BFM Business

Brexit: l'Ecosse peut-elle se permettre d'être indépendante?

Une partie des Ecossais veulent reprendre leur indépendance pour rester dans l'Union européenne

Une partie des Ecossais veulent reprendre leur indépendance pour rester dans l'Union européenne - ANDY BUCHANAN / AFP

Fort de son succès aux dernières législatives, le parti indépendantiste écossais réclame un nouveau référendum d'auto-détermination. Mais un départ de l'Ecosse pourrait s'avérer compliqué, tant sur le plan économique que politique.

Victoire éclatante pour Boris Johnson. Le Premier ministre conservateur, fort d'une large majorité après les élections législatives du 12 décembre, va pouvoir mener à bien la sortie du Royaume-Uni de l'Union européenne. Mais ce Brexit ouvre aussi la porte à une nouvelle crise majeure pour l'unité du Royaume-Uni puisqu'en Ecosse, le parti indépendantiste a réussi un véritable raz-de-marée: 48 sièges sur les 59 possibles reviennent au Parti national écossais (SNP).

Une légitimité qui a poussé la Première ministre de Nation du nord, Nicola Sturgeon, à réclamer un nouveau référendum d'indépendance après l'échec de 2014. "Boris Johnson a peut-être reçu un mandat pour faire sortir l'Angleterre de l'Union européenne. Il n'a absolument pas le mandat de faire sortir l'Écosse de l'Union européenne. L'Écosse doit avoir le choix de son propre avenir" a-t-elle expliqué à la chaîne de télévision Sky News.

Pourtant, un nouveau scrutin n'a rien d'acquis. Boris Johnson a régulièrement rappelé son opposition à un deuxième référendum qui doit être validé par Londres pour être légal. Bruxelles n'a aucune envie, non plus, de voir l'Ecosse prendre son envol, au risque de créer une contagion dans d'autres régions sécessionnistes en Europe, à commencer par la Catalogne.

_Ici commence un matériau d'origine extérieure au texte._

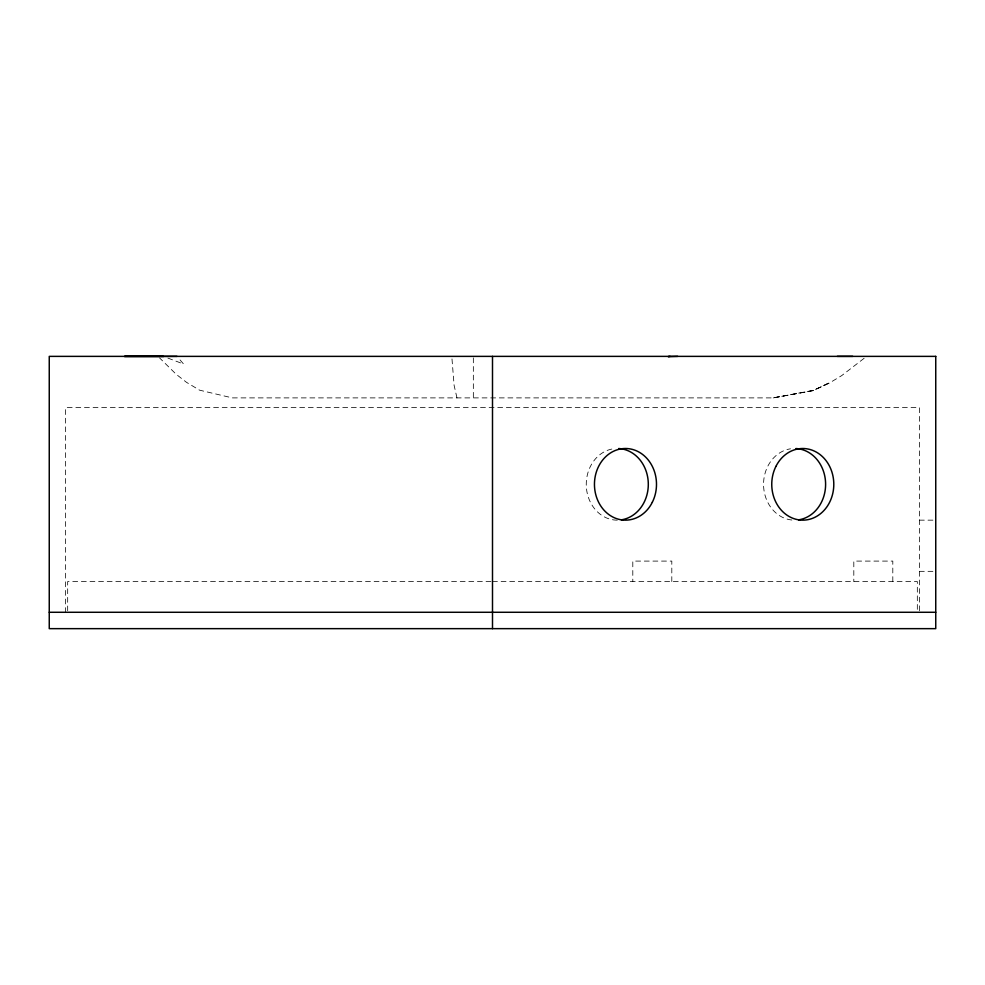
<?xml version="1.0" encoding="UTF-8"?>
<svg xmlns="http://www.w3.org/2000/svg" width="985" height="985" viewBox="0 0 985 985"><rect width="100%" height="100%" fill="white"/><g stroke="black" fill="none" stroke-linecap="round" stroke-linejoin="round"><path stroke-width="0.74" stroke-dasharray="4.92 3.69" d="M864.14 358.281L841.658 375.642L829.136 383.177L813.179 390.589L773.299 397.891L232.361 397.891L199.573 390.171L186.473 382.315L176.204 374.3L159.496 357.85M773.299 397.891L813.647 390.294L829.85 382.549L813.179 390.589L773.102 397.891M919.374 520.154L935.75 520.154M919.374 571.337L935.75 571.337M490.961 581.569L67.669 581.569L67.669 610.737M492.5 581.569L917.33 581.569L917.33 612.276M167.893 358.097L183.567 364.031L178.888 358.552M456.966 397.891L454.11 385.381L451.783 356.373M919.374 610.749L919.374 407.544L65.626 407.544L65.626 612.276M892.804 581.569L892.804 561.093L853.81 561.093L853.81 581.569M671.807 581.569L671.807 561.093L632.801 561.093L632.801 581.569M473.342 357.9L473.342 397.891M617.287 520.154A35.829 31.027 -90 0 1 586.321 486.664A35.829 31.027 -90 0 1 613.236 448.803M791.891 520.018A35.829 31.027 90 0 1 763.56 485.112A35.829 31.027 90 0 1 790.536 448.803"/><path stroke-width="1.48" d="M670.071 356.373L668.125 356.619L677.68 356.373M837.275 356.373L852.739 356.373M163.608 356.484L124.393 356.435L177.017 356.373M49.25 612.276L935.75 612.276M492.5 356.373L492.5 628.652M618.629 448.532A35.829 31.027 -90 0 1 648.278 482.761A35.829 31.027 -90 0 1 621.338 519.846M795.929 448.532A35.829 31.027 90 0 1 825.578 482.761A35.829 31.027 90 0 1 798.638 519.846M935.75 356.373L49.25 356.373L49.25 628.652L935.75 628.652L935.75 356.373M652.341 502.239A35.829 31.027 -90 0 0 625.475 448.495A35.829 31.027 -90 0 0 598.609 502.239A35.829 31.027 -90 0 0 652.341 502.239M775.909 466.41A35.829 31.027 90 0 0 802.775 520.154A35.829 31.027 90 0 0 829.641 466.41A35.829 31.027 90 0 0 775.909 466.41"/></g></svg>

Place forte de la finance?

Sur le plan économique, l'indépendance écossaise n'est pas non plus une mince affaire. Selon le cabinet PwC, la province affichera une croissance de 1,3% en 2019 avant de retomber à 1% en 2020.

Après la fermeture des mines de charbon, la première activité du 'pays' est devenue l'exploitation du pétrole et du gaz qui a permis l'accélération du développement de l'Ecosse à partir des années 80. Si un énorme gisement de gaz a encore été découvert en début d'année, la production baisse néanmoins depuis une vingtaine d'années.  En 2018, 77,2 millions de tonnes d’équivalent pétrole (une tonne correspondant à peu près à 7,3 barils) ont été extraits contre 136 millions de tonnes en 1998. La pression des écologistes rend ainsi moins évidentes les nouvelles exploitations. Reste que le secteur a rapporté 24,8 milliards de livres, en hausse ces dernières années grâce à l'envolée des prix des matières premières dans le monde.

L'autre grand secteur de l'activité écossaise, ce sont les services et notamment la finance qui a une place très importante. Edimbourg est d’ailleurs le deuxième centre financier du Royaume-Uni, après la City de Londres. Le secteur a beaucoup souffert depuis la crise de 2008 mais a finalement remonté pente. Si bien qu'une perte de vitesse de Londres pourrait bien profiter à sa voisine du nord qui se rêve déjà en paradis de la fintech. Problème: le système financier fonctionne car il repose sur le Royaume-Uni qui garantit la solvabilité des banques. 

Dépendante aux aléas

Dernier grand secteur de l'économie écossaise: les exportations agroalimentaires, à commencer par le whisky et le saumon. Des exportations qui risquent d'être pénalisées par le Brexit, alors que Washington souhaite aussi les taxer, dans le cadre de la guerre commerciale avec l'Union européenne.

L'Ecosse peut-elle donc se permettre d'être indépendante? Une chose est sûre, elle serait largement dépendante des aléas comme les variations du cours du pétrole ou les crises financières, à moins de garder une coopération très serrée avec le voisin anglais.

Par ailleurs, le gouvernement britannique n'a aucun intérêt à se séparer de sa province. De Theresa May à Boris Johnson, tous les Premiers ministres ont multiplié les promesses, ces dernières années, pour tenter de convaincre l'opinion écossaise qui reste très partagée. Car la contagion est possible: si un départ devait être acté, il pourrait aussi pousser l'Irlande du Nord à réfléchir à une unification avec son voisin du sud. La Grande-Bretagne ressemblerait alors à un petit confetti sur la carte du monde.